5. The tongue diagnosis method with progressive feature refinement as described in claim 1, characterized in that, The process of applying a first mask to the second feature to obtain a refined second feature includes: performing a convolution on the second feature, and then multiplying the convolutional second feature element-wise with the first mask to obtain the refined second feature.
6. The tongue diagnosis method with progressive feature refinement as described in claim 1, characterized in that, The process of applying a second mask to the first feature to obtain a refined first feature includes: performing a convolution on the first feature, and then multiplying the convolutional first feature element-wise with the second mask to obtain the refined first feature.
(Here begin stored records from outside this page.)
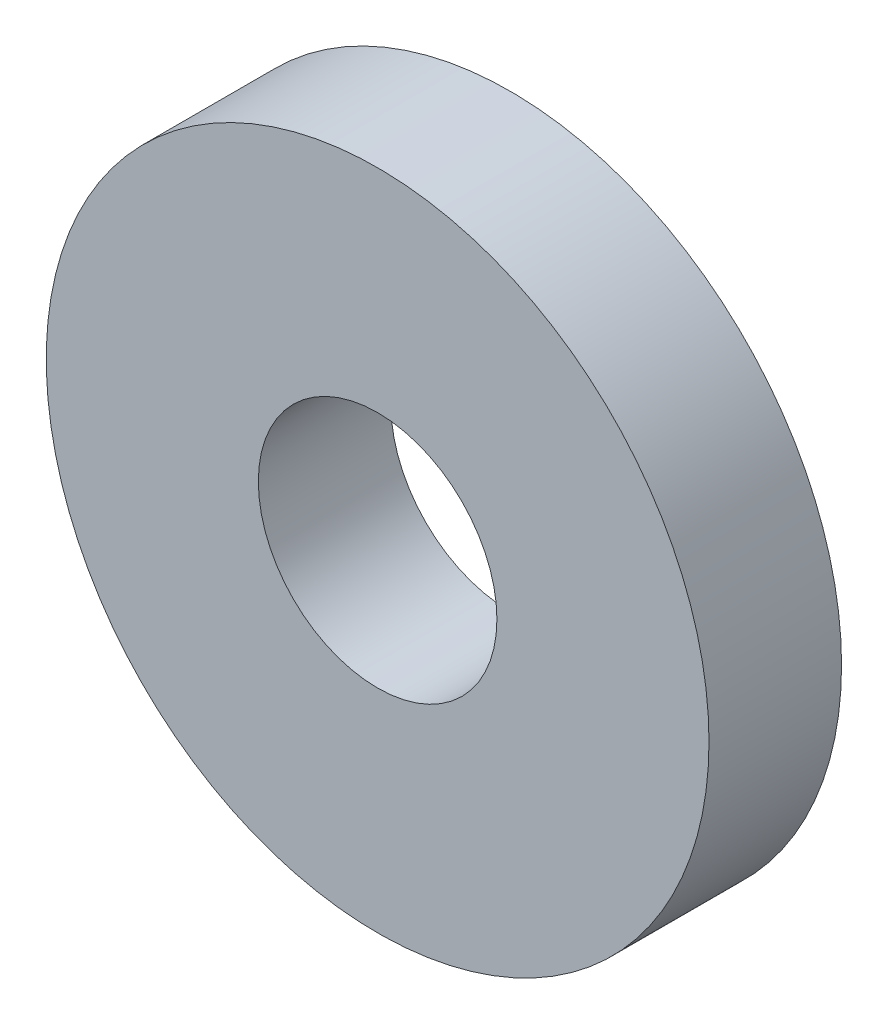
SolidWorks part; units mm, degrees
ref_plane "Спереди" through (0, 0, 0) normal (0, 0, 1) x (1, 0, 0)
ref_plane "Сверху" through (0, 0, 0) normal (0, 1, 0) x (1, 0, 0)
ref_plane "Справа" through (0, 0, 0) normal (1, 0, 0) x (0, 0, -1)
sketch "Эскиз1" plane through (0, 0, 0) normal (0, 0, 1) x (1, 0, 0)
  circle A0 centre (0, 0) radius 1.8
  circle A1 centre (0, 0) radius 5
  dimension "D1" = 3.6
  dimension "D2" = 10
extrude "Бобышка-Вытянуть1" add sketch "Эскиз1" along normal blind 2

7. The tongue diagnosis method with progressive feature refinement as described in claim 1, characterized in that, Multilayer perceptron is used to decouple the comprehensive query features, and graph convolutional network is used to model the continuous relationship of the decoupled comprehensive query features to obtain the corrected query features, including: using multilayer perceptron to decouple the comprehensive query features to obtain the query features; Construct the class prototype matrix; Calculate the cosine similarity between the query features and the class prototype matrix to obtain the relationship matrix; The query features are concatenated with the matrix of all class prototypes at the node dimension to obtain the concatenated matrix; The relation matrix and the concatenation matrix are input into the graph convolutional network to obtain the optimized query features; The corrected query features are obtained by weighted summation of the query features and the optimized query features.
8. A tongue diagnosis and recognition system with progressive feature refinement, characterized in that, include: The feature extraction module is used to acquire tongue diagnosis images and extract the first feature, the second feature, and the third feature respectively; A progressive feature refinement module is used to construct a first mask with a third feature, perform first mask processing on the second feature to obtain a refined second feature; construct a second mask with the refined second feature, perform second mask processing on the first feature to obtain a refined first feature; and fuse the third feature, the refined second feature, and the refined first feature to obtain a comprehensive query feature. The feature correction module is used to decouple the comprehensive query features using a multilayer perceptron and to model the continuous relationship of the decoupled comprehensive query features using a graph convolutional network to obtain the corrected query features. The output module is used to classify the corrected query features using a classifier and output the tongue diagnosis image classification result.
9. An electronic device comprising a memory, a processor, and a computer program stored in the memory and executable on the processor, characterized in that, When the processor executes the program, it implements the progressive feature refinement tongue diagnosis recognition method according to any one of claims 1-7.
10. A computer-readable storage medium having a computer program stored thereon, characterized in that, When the program is executed by the processor, it performs a progressive feature refinement tongue diagnosis recognition method as described in any one of claims 1-7.